Personajes principales

  • MONTRESOR: Capaz y particular de personalidad. Tiene espíritu de negativo y todo lo que se da lo cumple.
  • FORTUNATO: Siempre ejercía burlas hacia Montresor , dominante y seguro de si mismo.

Personajes secundarios

  • LUCHRESI: Profesional en vinos y quien se niega a acompañar a Montresor a llevar a acabo sus proyectos macabros.

Sinopsis o corto resumen

El cuento narra el asesinato que comete un hombre llamado Montresor, que quería vengarse de Fortunato, un hombre que lo había insultado ya varias oportunidades y no quería aguantar otro insulto mas.

El asesinato fue premeditado durante un extenso tiempo por Montresor y es realizado en el carnaval, Fortunato iba vestido de payaso cuando está con Montresor, y él le dice que si lo ayuda a comprender si un barril de amontillado que están por venderle es verídica. Montresor transporta engañado a Fortunato a unas catacumbas y lo embriaga y dada a la humedad de las catacumbas la salud de Fortunato que aparentemente tenía una tos empeora cada vez más.

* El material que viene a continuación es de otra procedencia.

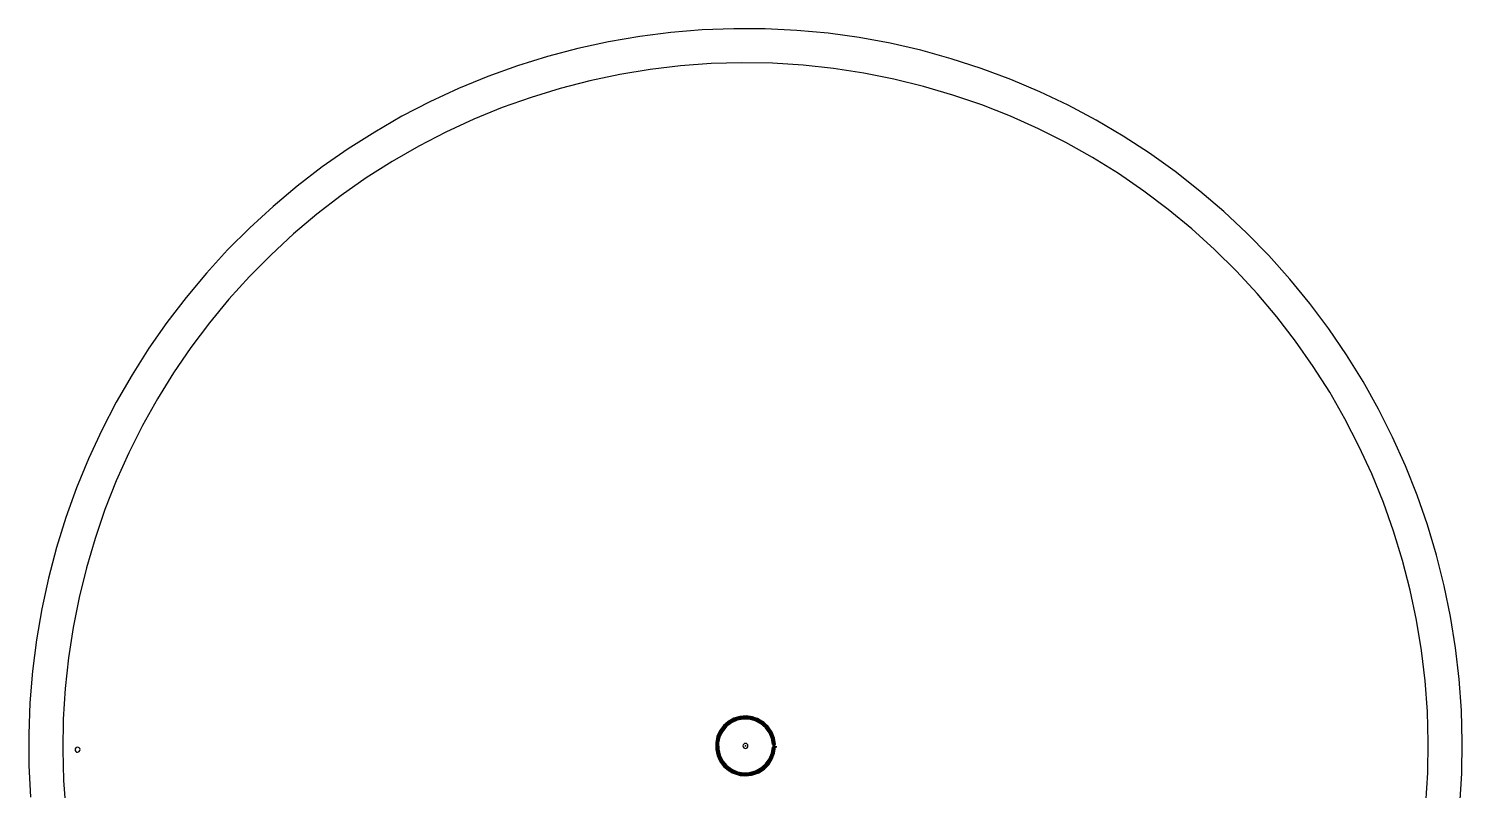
# Model space of a CAD drawing. Header units: millimetres. Extents: x -1049 to 1049, y -1063 to 1051.
# Drawn here: x -1049 to 1049, y -64 to 1051 of the extents above; entities that cross this region are included whole.
import ezdxf

# ---------------------------------------------------------------- set-up
doc = ezdxf.new("R2010")
doc.units = ezdxf.units.MM
doc.header["$PDSIZE"] = -1

msp = doc.modelspace()

# ---------------------------------------------------------------- linework, layer by layer
at = {"color": 7, "linetype": 'Continuous'}
for p, q in [((39.5, 3.2), (39.8, 3.2)), ((41.6, 3.2), (41.9, 3.2)), ((43.6, 3.3), (43.9, 3.3)), ((43.6, 0), (46.1, 0.1)), ((43.6, -0.2), (43.6, 0)), ((46.1, 0.1), (46.1, -0.2)), ((39.8, -0.3), (39.6, -0.3)), ((41.9, -0.2), (41.6, -0.2)), ((46.1, -0.2), (43.9, -0.2))]:
    msp.add_line(p, q, dxfattribs=at)
at = {"color": 7, "linetype": 'Continuous', "flags": 128}
for points in [[(1049, 7.1), (1047.7, 53.2), (1044.5, 99.2), (1039.2, 145), (1031.9, 190.6), (1022.6, 235.8), (1011.3, 280.5), (998.1, 324.7), (982.9, 368.3), (965.9, 411.1), (947, 453.2), (926.3, 494.4), (903.7, 534.6), (879.5, 573.8), (853.5, 611.9), (825.9, 648.9), (796.7, 684.5), (766, 718.9), (733.7, 751.9), (700.1, 783.4), (665.1, 813.4), (628.8, 841.9), (591.3, 868.7), (552.7, 893.8), (513, 917.3), (472.3, 938.9), (430.7, 958.8), (388.3, 976.8), (345.1, 992.9), (301.3, 1007.1), (256.9, 1019.4), (212, 1029.7), (166.6, 1038), (121, 1044.3), (75.1, 1048.6), (29.1, 1050.9), (-17, 1051.1), (-63.1, 1049.3), (-109, 1045.5), (-154.7, 1039.7), (-200.1, 1031.9), (-245.2, 1022.1), (-289.7, 1010.3), (-333.7, 996.6), (-377.1, 980.9), (-419.7, 963.4), (-461.5, 944), (-502.5, 922.8), (-542.4, 899.8), (-581.3, 875.1), (-619.1, 848.7), (-655.7, 820.6), (-691, 791), (-725, 759.8), (-757.6, 727.2), (-788.7, 693.2), (-818.3, 657.8), (-846.4, 621.2), (-872.8, 583.4), (-897.5, 544.4), (-920.5, 504.4), (-941.7, 463.5), (-961, 421.6), (-978.6, 378.9), (-994.2, 335.5), (-1007.9, 291.5), (-1019.7, 246.9), (-1029.5, 201.8), (-1037.3, 156.4), (-1043.1, 110.6), (-1046.9, 64.6), (-1048.7, 18.5), (-1048.5, -27.6), (-1046.2, -73.7)], [(999, 6.8), (997.8, 51.7), (994.5, 96.4), (989.3, 141), (982, 185.3), (972.8, 229.2), (961.6, 272.6), (948.5, 315.6), (933.5, 357.8), (916.6, 399.4), (897.8, 440.1), (877.3, 480), (854.9, 518.9), (830.9, 556.8), (805.1, 593.5), (777.8, 629.1), (748.9, 663.4), (718.5, 696.3), (686.6, 727.9), (653.3, 758), (618.8, 786.5), (583, 813.5), (546, 838.9), (507.9, 862.5), (468.8, 884.5), (428.7, 904.6), (387.8, 923), (346.1, 939.4), (303.7, 954), (260.7, 966.7), (217.2, 977.4), (173.2, 986.2), (128.9, 992.9), (84.3, 997.7), (39.6, 1000.5), (-5.2, 1001.2), (-50, 1000), (-94.8, 996.7), (-139.3, 991.5), (-183.5, 984.2), (-227.4, 974.9), (-270.8, 963.7), (-313.7, 950.6), (-355.9, 935.5), (-397.4, 918.6), (-438.1, 899.8), (-478, 879.2), (-516.8, 856.9), (-554.7, 832.8), (-591.4, 807), (-626.9, 779.6), (-661.2, 750.7), (-694.1, 720.2), (-725.6, 688.3), (-755.7, 655), (-784.3, 620.4), (-811.2, 584.6), (-836.6, 547.5), (-860.2, 509.4), (-882.1, 470.2), (-902.3, 430.1), (-920.6, 389.2), (-937.1, 347.4), (-951.6, 305), (-964.3, 262), (-975, 218.4), (-983.8, 174.4), (-990.6, 130), (-995.3, 85.4), (-998.1, 40.6), (-998.9, -4.3), (-997.6, -49.1), (-994.4, -93.9)], [(43.9, 3.3), (42.4, 12.5), (39.1, 21.3), (34, 29.1), (27.3, 35.7), (19.4, 40.7), (10.6, 43.9), (1.3, 45.1), (-8, 44.4), (-17, 41.7), (-25.2, 37.1), (-32.2, 31), (-37.8, 23.4), (-41.6, 14.9), (-43.5, 5.7), (-43.5, -3.7), (-41.4, -12.8), (-37.5, -21.3), (-31.9, -28.8), (-24.8, -34.9), (-16.5, -39.3), (-7.5, -41.9), (1.8, -42.6), (11.1, -41.2), (19.8, -37.9), (27.7, -32.8), (34.3, -26.2), (39.3, -18.3), (42.6, -9.5), (43.9, -0.2)], [(43.6, 3.3), (42.1, 12.8), (38.6, 21.8), (33.1, 29.7), (26.1, 36.3), (17.7, 41.2), (8.6, 44.1), (-1, 44.9), (-10.6, 43.6), (-19.6, 40.2), (-27.7, 34.9), (-34.4, 28), (-39.4, 19.7), (-42.5, 10.6), (-43.5, 1), (-42.4, -8.6), (-39.2, -17.7), (-34.1, -25.8), (-27.3, -32.7), (-19.2, -37.9), (-10.1, -41.1), (-0.6, -42.3), (9, -41.4), (18.2, -38.4), (26.4, -33.4), (33.4, -26.8), (38.8, -18.8), (42.2, -9.8), (43.6, -0.2)], [(41.1, 14.1), (37.4, 22.6), (32, 30.1), (25, 36.3), (16.9, 40.9), (8, 43.6), (-1.3, 44.3), (-10.5, 43), (-19.2, 39.7), (-27, 34.7), (-33.5, 28.1), (-38.5, 20.2), (-41.7, 11.5), (-42.9, 2.3), (-42.1, -7), (-39.3, -15.9), (-34.7, -24), (-28.5, -30.9), (-20.9, -36.3), (-12.4, -39.9), (-3.2, -41.6), (6.1, -41.3), (15.1, -39.1), (23.4, -34.9), (30.6, -29), (36.4, -21.7), (40.5, -13.4), (42.7, -4.3), (42.9, 5), (41.1, 14.1)], [(40.6, 13.9), (36.8, 22.7), (31.1, 30.3), (23.9, 36.5), (15.5, 40.9), (6.3, 43.3), (-3.2, 43.7), (-12.6, 41.9), (-21.3, 38), (-28.9, 32.4), (-35.1, 25.1), (-39.5, 16.7), (-42, 7.5), (-42.3, -2), (-40.5, -11.4), (-36.7, -20.1), (-31, -27.7), (-23.8, -33.9), (-15.3, -38.4), (-6.1, -40.8), (3.4, -41.1), (12.7, -39.3), (21.4, -35.5), (29.1, -29.8), (35.2, -22.6), (39.7, -14.1), (42.1, -4.9), (42.4, 4.6), (40.6, 13.9)], [(41.9, 3.2), (40.4, 12.4), (37, 21), (31.8, 28.6), (25, 34.9), (17, 39.6), (8.2, 42.4), (-1, 43.1), (-10.2, 41.9), (-18.8, 38.6), (-26.6, 33.6), (-33, 26.9), (-37.8, 19), (-40.8, 10.2), (-41.8, 1), (-40.7, -8.1), (-37.6, -16.9), (-32.7, -24.7), (-26.2, -31.3), (-18.4, -36.3), (-9.7, -39.4), (-0.6, -40.6), (8.6, -39.7), (17.4, -36.8), (25.4, -32.1), (32.1, -25.7), (37.2, -18), (40.5, -9.4), (41.9, -0.2)], [(41.6, 3.2), (40.2, 12.3), (36.8, 20.9), (31.6, 28.5), (24.8, 34.7), (16.9, 39.4), (8.1, 42.1), (-1, 42.9), (-10.1, 41.6), (-18.7, 38.4), (-26.4, 33.4), (-32.8, 26.8), (-37.6, 18.9), (-40.5, 10.2), (-41.5, 1), (-40.5, -8.1), (-37.4, -16.8), (-32.5, -24.6), (-26.1, -31.1), (-18.3, -36.1), (-9.7, -39.2), (-0.6, -40.4), (8.6, -39.5), (17.3, -36.6), (25.2, -31.9), (31.9, -25.6), (37, -17.9), (40.3, -9.3), (41.6, -0.2)], [(39.4, 13.5), (35.7, 22), (30.2, 29.4), (23.2, 35.4), (15, 39.7), (6.1, 42), (-3.1, 42.4), (-12.2, 40.6), (-20.6, 36.9), (-28, 31.4), (-34, 24.4), (-38.3, 16.2), (-40.7, 7.3), (-41, -1.9), (-39.2, -11), (-35.5, -19.4), (-30, -26.8), (-23, -32.8), (-14.9, -37.1), (-5.9, -39.5), (3.3, -39.8), (12.3, -38.1), (20.8, -34.4), (28.2, -28.9), (34.2, -21.8), (38.4, -13.7), (40.8, -4.7), (41.1, 4.5), (39.4, 13.5)], [(38.9, 13.4), (35.2, 21.7), (29.8, 29.1), (22.9, 35), (14.8, 39.2), (6, 41.5), (-3.1, 41.9), (-12, 40.1), (-20.4, 36.5), (-27.7, 31), (-33.6, 24.1), (-37.8, 16), (-40.2, 7.2), (-40.5, -1.9), (-38.8, -10.8), (-35.1, -19.2), (-29.7, -26.5), (-22.7, -32.4), (-14.7, -36.7), (-5.9, -39), (3.2, -39.3), (12.2, -37.6), (20.5, -33.9), (27.8, -28.5), (33.7, -21.6), (38, -13.5), (40.3, -4.7), (40.6, 4.4), (38.9, 13.4)], [(39.8, 3.2), (38.3, 12.2), (34.8, 20.6), (29.5, 28), (22.7, 34), (14.6, 38.3), (5.8, 40.7), (-3.3, 40.9), (-12.2, 39.1), (-20.5, 35.3), (-27.7, 29.8), (-33.4, 22.7), (-37.4, 14.5), (-39.4, 5.6), (-39.4, -3.5), (-37.3, -12.4), (-33.2, -20.5), (-27.4, -27.5), (-20.1, -33), (-11.8, -36.7), (-2.9, -38.4), (6.2, -38), (15, -35.6), (23, -31.2), (29.8, -25.2), (35, -17.7), (38.4, -9.3), (39.8, -0.3)], [(39.5, 3.2), (38.1, 12.2), (34.6, 20.5), (29.3, 27.9), (22.5, 33.8), (14.5, 38.1), (5.8, 40.4), (-3.3, 40.7), (-12.1, 38.9), (-20.4, 35.1), (-27.5, 29.6), (-33.2, 22.6), (-37.2, 14.4), (-39.2, 5.6), (-39.1, -3.5), (-37, -12.3), (-33, -20.4), (-27.2, -27.3), (-20, -32.8), (-11.7, -36.5), (-2.9, -38.2), (6.2, -37.8), (14.9, -35.4), (22.8, -31), (29.6, -25), (34.8, -17.6), (38.2, -9.2), (39.6, -0.3)], [(3.7, 1.3), (3.5, 2.7), (2.7, 3.9), (1.5, 4.7), (0.1, 4.9), (-1.3, 4.7), (-2.5, 3.9), (-3.3, 2.7), (-3.6, 1.3), (-3.3, -0.2), (-2.5, -1.3), (-1.3, -2.1), (0.1, -2.4), (1.5, -2.1), (2.7, -1.3), (3.5, -0.1), (3.7, 1.3)], [(995.5, -82.8), (998.3, -38), (999, 6.8)], [(1045.4, -85.1), (1048.2, -39), (1049, 7.1)], [(-973.6, -4.1), (-973.9, -2.7), (-974.7, -1.5), (-975.9, -0.8), (-977.3, -0.5), (-978.7, -0.8), (-979.9, -1.6), (-980.7, -2.8), (-980.9, -4.2), (-980.6, -5.6), (-979.8, -6.8), (-978.6, -7.6), (-977.2, -7.8), (-975.8, -7.5), (-974.6, -6.7), (-973.9, -5.5), (-973.6, -4.1)]]:
    msp.add_lwpolyline(points, dxfattribs=at)
at = {"color": 7, "linetype": 'Continuous'}
msp.add_point((0.1, 1.3), dxfattribs=at)

doc.saveas('drawing.dxf')

Montresor encadena a Fortunato y pone una pared para que Fortunato muera y no consigua salir de las catacumbas jamás.

Resumen en vídeo

Este es un comprendio corto de la obra o cuento El barril de amontillado.

Análisis de la obra

«El barril de amontillado» está dentro de los cuentos de la etapa final en la vida de Poe (1846), escrito sólo poco tiempo antes del inicio de su ocaso definitivo, marcado por la desaparición de su mujer, Virginia Clemm, en enero de 1847.

Aspectos fundamentales

Una primera lectura de «El barril de amontillado» ya nos revela dos puntos fundamentales. El primero, su perfección narrativa: el constructor en ese momento era dueño de todas las utilidades y resortes de su oficio; el segundo, que había culminado en él un riguroso avance de infortunio primordial y degradación moral, más allá de que esto último, evidentemente, no iba en menoscabo de la excelencia artística, sino más bien al contrario.

¿De que trata la historia?

Es la crónica de una horrible venganza, si es que alguna no es así. ¿Qué pudo mover al constructor a su composición? Nos encontramos, desde luego, a años luz del jóven increíble que había escrito vaporosos poemas románticos en los que retrataba un mundo ideal de palacios contentos y bellísimas heroínas ultraterrenas. La maligna sabiduría, el humor negro, la punzante ironía, y hasta el sadismo gratis en la conducta del vengador Montresor, revelarían en su constructor, viable aunque no en todos los casos (pero hemos de tener en cuenta, comentamos, el momento y las ocasiones en que el relato fue escrito), gigantes dosis de mal y frustración mal asimilados, una aguda conciencia de fracaso, así como, acaso, la intención de dejar al porvenir algún terrorífico mensaje subliminal, y todo bajo un régimen acusadamente alegórico.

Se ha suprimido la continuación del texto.